Denmark and Norway had banned or recommended banning energy drinks altogether.

BfR's review took in products containing not more than 320 mg/l of caffeine, 4000 mg/l of taurine, 200 mg/l of inosite and 2400 mg/l of glucuronolactone.

Consumption hazards

It noted that as far back as 2002 a scan of German poison information and treatment centres revealed energy drink-related incidents included seizures, tachycardia (increased heart rate), cardiac dysrhythmia, rhabdomyolysis (decline of skeletal muscle cells), agitation, hypertonia (high blood pressure), respiratory disorders and psychotic conditions.

As well as citing numerous studies demonstrating the potential hazards of energy drink consumption due to different ingredients, BfR's report notes a number of case studies where energy drinks have led to adverse reactions including death in combination with alcohol and alone.
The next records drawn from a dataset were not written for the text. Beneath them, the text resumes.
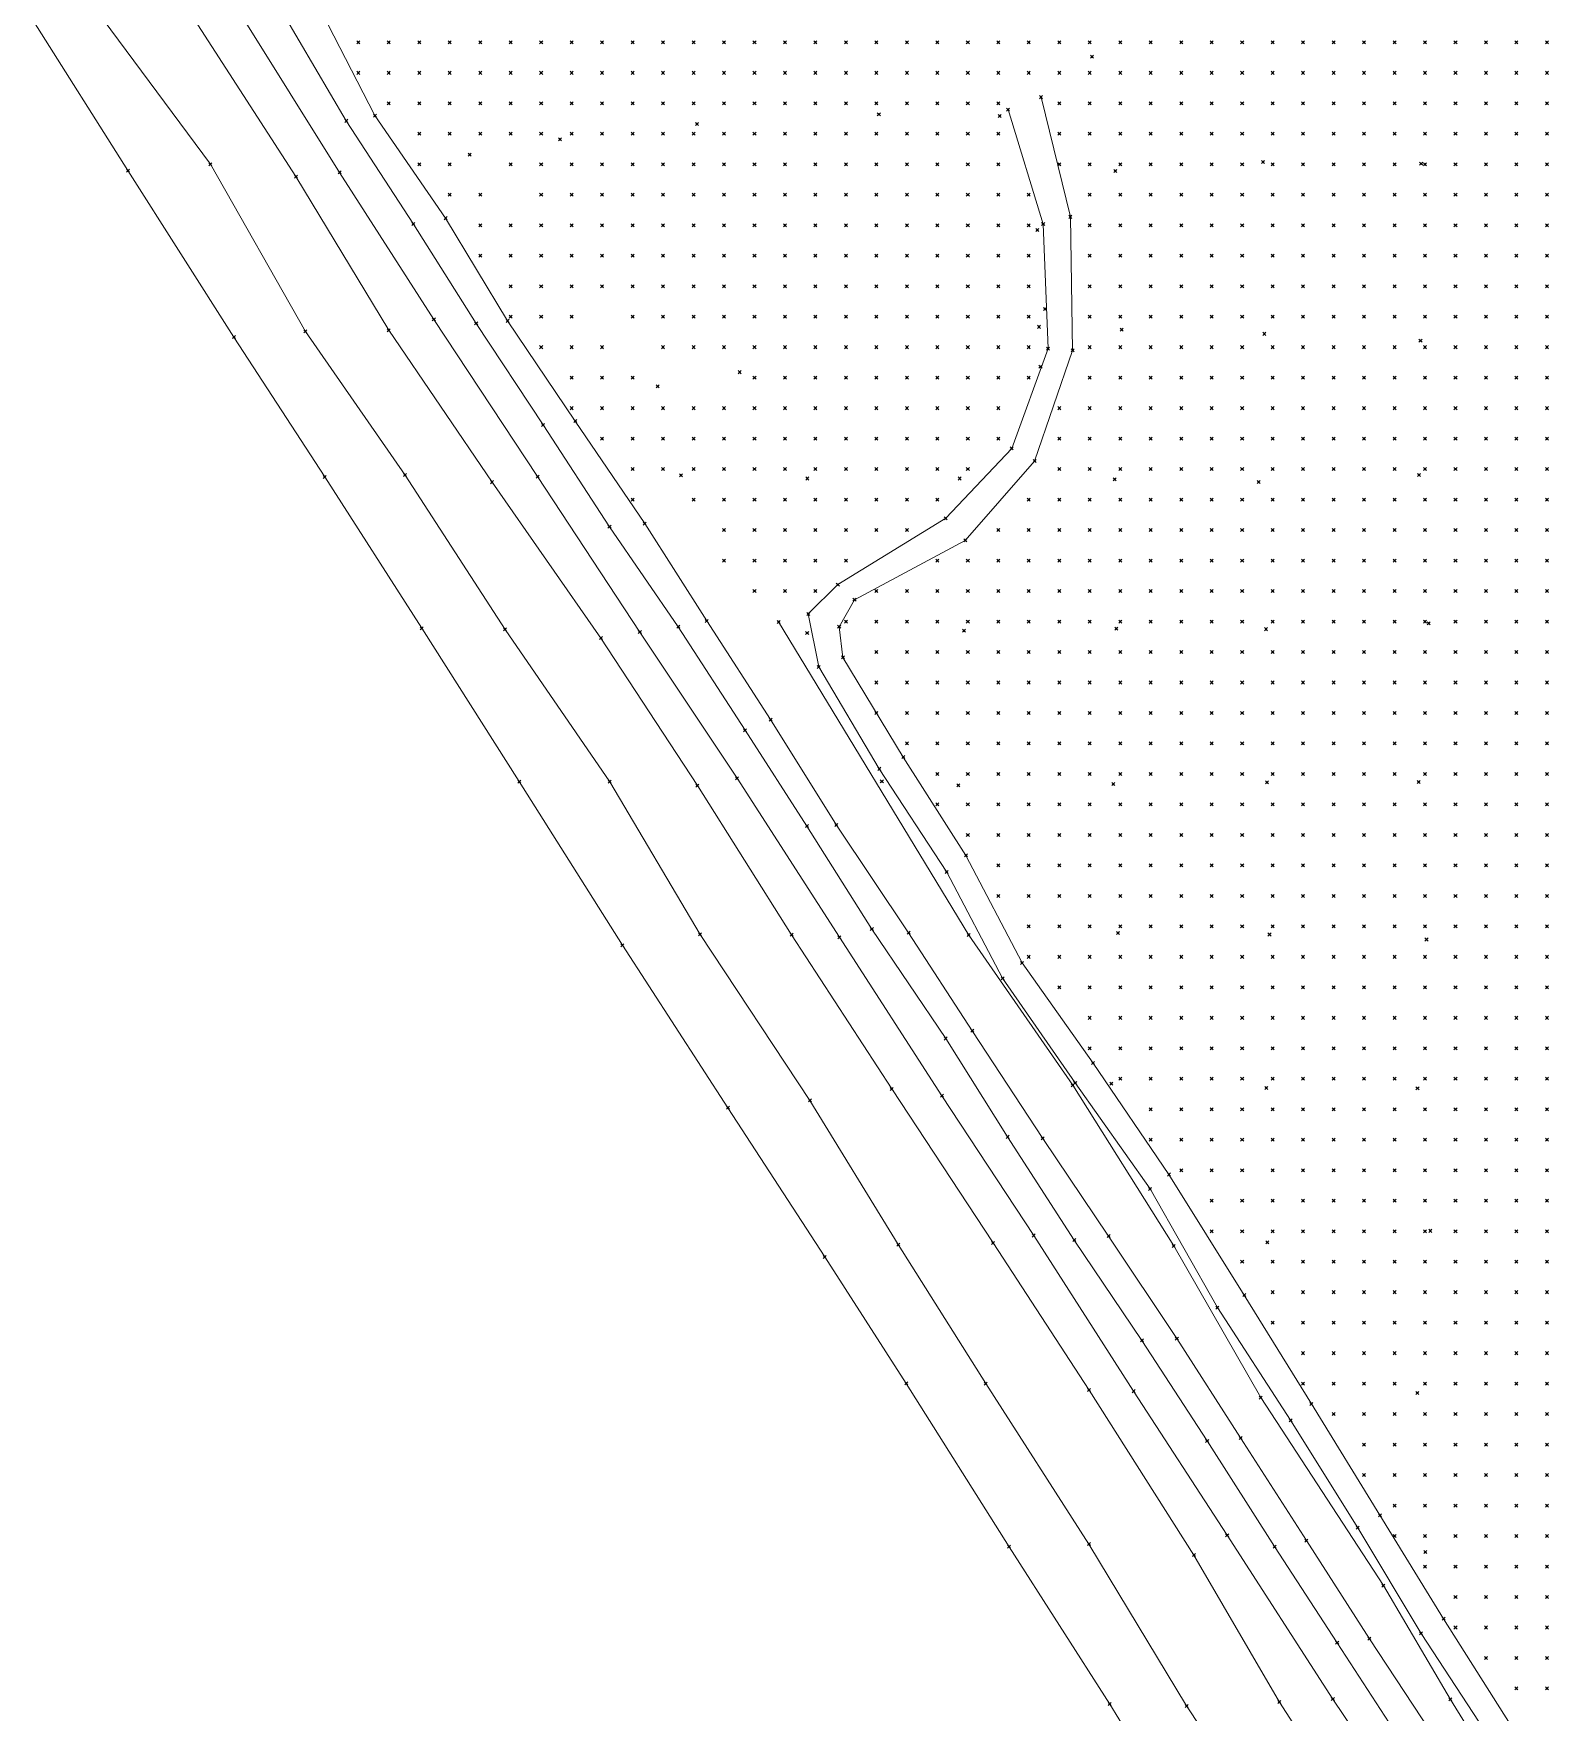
# Model space of a CAD drawing. Header units: metres. Extents: x 441556 to 446409, y 432338 to 461058.
# Drawn here: x 445436.4 to 445585.5, y 434443.3 to 434608.5 of the extents above; entities that cross this region are included whole.
import ezdxf

# ---------------------------------------------------------------- set-up
doc = ezdxf.new("R2010")
doc.units = ezdxf.units.M
doc.header["$MEASUREMENT"] = 0
doc.header["$PDMODE"] = 35
doc.header["$PDSIZE"] = 0.15
for name, color, linetype, lineweight in [('DTM-BRE-RevN_GRP_CANAL', 2, 'Continuous', 0), ('DTM-BRE-RevN_GRP_CANAL IRIGATIE JOS', 2, 'Continuous', 0), ('DTM-BRE-RevN_GRP_CANAL IRIGATIE SUS', 2, 'Continuous', 0), ('DTM-BRE-RevN_GRP_DIG', 2, 'Continuous', 0), ('DTM-BRE-RevN_GRP_DRUM PAMANT', 2, 'Continuous', 0), ('DTM-BRE-RevN_GRP_TALUZ JOS', 2, 'Continuous', 0), ('DTM-NOK-RevN_LIDAR_co_lidar', 91, 'Continuous', 0), ('DTM-NOK-RevN_RTK', 32, 'Continuous', 0)]:
    doc.layers.add(name, color=color, linetype=linetype, lineweight=lineweight)

msp = doc.modelspace()

# ---------------------------------------------------------------- linework, layer by layer
at = {"layer": 'DTM-BRE-RevN_GRP_CANAL'}
for p, q in [((445461.009, 434610.371, 319.685), (445467.2, 434599.877, 319.506)), ((445464.826, 434610.458, 319.58), (445470.011, 434600.389, 319.48)), ((445467.2, 434599.877, 319.506), (445473.805, 434589.725, 319.434)), ((445470.011, 434600.389, 319.48), (445476.977, 434590.303, 319.43)), ((445473.805, 434589.725, 319.434), (445479.981, 434579.947, 319.475)), ((445476.977, 434590.303, 319.43), (445483.067, 434580.201, 319.338)), ((445479.981, 434579.947, 319.475), (445486.57, 434569.961, 319.4)), ((445483.067, 434580.201, 319.338), (445489.732, 434570.337, 319.353)), ((445486.57, 434569.961, 319.4), (445493.1, 434559.939, 319.389)), ((445489.732, 434570.337, 319.353), (445496.573, 434560.256, 319.306)), ((445493.1, 434559.939, 319.389), (445499.874, 434550.106, 319.269)), ((445496.573, 434560.256, 319.306), (445502.672, 434550.677, 319.206)), ((445499.874, 434550.106, 319.269), (445506.445, 434539.912, 319.246)), ((445502.672, 434550.677, 319.206), (445508.961, 434540.964, 319.268)), ((445508.961, 434540.964, 319.268), (445515.427, 434530.585, 319.161)), ((445506.445, 434539.912, 319.246), (445512.536, 434530.488, 319.187)), ((445512.536, 434530.488, 319.187), (445518.921, 434520.351, 319.204)), ((445515.427, 434530.585, 319.161), (445522.538, 434519.988, 319.181)), ((445518.921, 434520.351, 319.204), (445526.198, 434509.585, 319.171)), ((445522.538, 434519.988, 319.181), (445528.802, 434510.354, 319.156)), ((445528.802, 434510.354, 319.156), (445535.736, 434499.757, 319.111)), ((445526.198, 434509.585, 319.171), (445532.278, 434499.91, 319.155)), ((445532.278, 434499.91, 319.155), (445538.847, 434489.758, 319.105)), ((445535.736, 434499.757, 319.111), (445542.219, 434490.15, 319.122)), ((445538.847, 434489.758, 319.105), (445545.503, 434479.888, 319.094)), ((445542.219, 434490.15, 319.122), (445548.937, 434480.066, 319.128)), ((445545.503, 434479.888, 319.094), (445551.921, 434469.997, 319.056)), ((445548.937, 434480.066, 319.128), (445555.216, 434470.281, 319.104)), ((445551.921, 434469.997, 319.056), (445558.553, 434459.592, 319.111)), ((445555.216, 434470.281, 319.104), (445561.688, 434460.184, 319.081)), ((445558.553, 434459.592, 319.111), (445564.715, 434450.133, 319.036)), ((445561.688, 434460.184, 319.081), (445567.894, 434450.529, 319.079)), ((445564.715, 434450.133, 319.036), (445571.097, 434440.271, 319.044)), ((445567.894, 434450.529, 319.079), (445574.775, 434440.051, 319.055))]:
    msp.add_line(p, q, dxfattribs=at)
at = {"layer": 'DTM-BRE-RevN_GRP_CANAL IRIGATIE JOS'}
for p, q in [((445466.545, 434594.802, 321.629), (445456.814, 434610.341, 321.804)), ((445475.811, 434580.347, 321.581), (445466.545, 434594.802, 321.629)), ((445486.031, 434564.878, 321.63), (445475.811, 434580.347, 321.581)), ((445496.085, 434549.58, 321.622), (445486.031, 434564.878, 321.63)), ((445505.656, 434535.19, 321.563), (445496.085, 434549.58, 321.622)), ((445515.731, 434519.547, 321.609), (445505.656, 434535.19, 321.563)), ((445525.814, 434503.95, 321.508), (445515.731, 434519.547, 321.609)), ((445534.858, 434490.201, 321.442), (445525.814, 434503.95, 321.508)), ((445544.681, 434474.888, 321.415), (445534.858, 434490.201, 321.442)), ((445553.89, 434460.715, 321.425), (445544.681, 434474.888, 321.415)), ((445564.289, 434444.594, 321.246), (445553.89, 434460.715, 321.425)), ((445573.803, 434430.438, 321.023), (445564.289, 434444.594, 321.246))]:
    msp.add_line(p, q, dxfattribs=at)
at = {"layer": 'DTM-BRE-RevN_GRP_CANAL IRIGATIE SUS'}
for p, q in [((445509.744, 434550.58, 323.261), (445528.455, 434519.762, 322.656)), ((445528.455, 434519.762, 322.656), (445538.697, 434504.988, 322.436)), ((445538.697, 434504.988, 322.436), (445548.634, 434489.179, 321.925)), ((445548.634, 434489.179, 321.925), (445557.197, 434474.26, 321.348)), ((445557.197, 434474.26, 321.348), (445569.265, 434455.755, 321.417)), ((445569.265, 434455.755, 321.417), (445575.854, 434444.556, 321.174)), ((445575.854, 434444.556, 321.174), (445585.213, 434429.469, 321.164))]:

The use of energy drinks as substitutes for sports beverages was also questioned. Sports beverages supplied, "calorific energy, are consumed in larger amounts in conjunction with intensive physical activity and are, therefore, associated with the consumer conditions which are specifically contra-indicated for energy drinks."

The European Food Safety Authority (EFSA) is in the process of assessing the status of energy drinks, with an EU-wide approach a possible consequence of that assessment.

"This could encourage EU-wide data matching and lead to the emergence of new findings about consumer groups who may be particularly sensitive to energy drinks," Bfr said. "As far as exposure is concerned, it is pointed out that in a Scientific Committee on Food (SCF) expert report which is still valid, reference was made to the unit of 250 ml cans for energy drinks which had been the norm up to then whereas far larger packs are now sold internationally."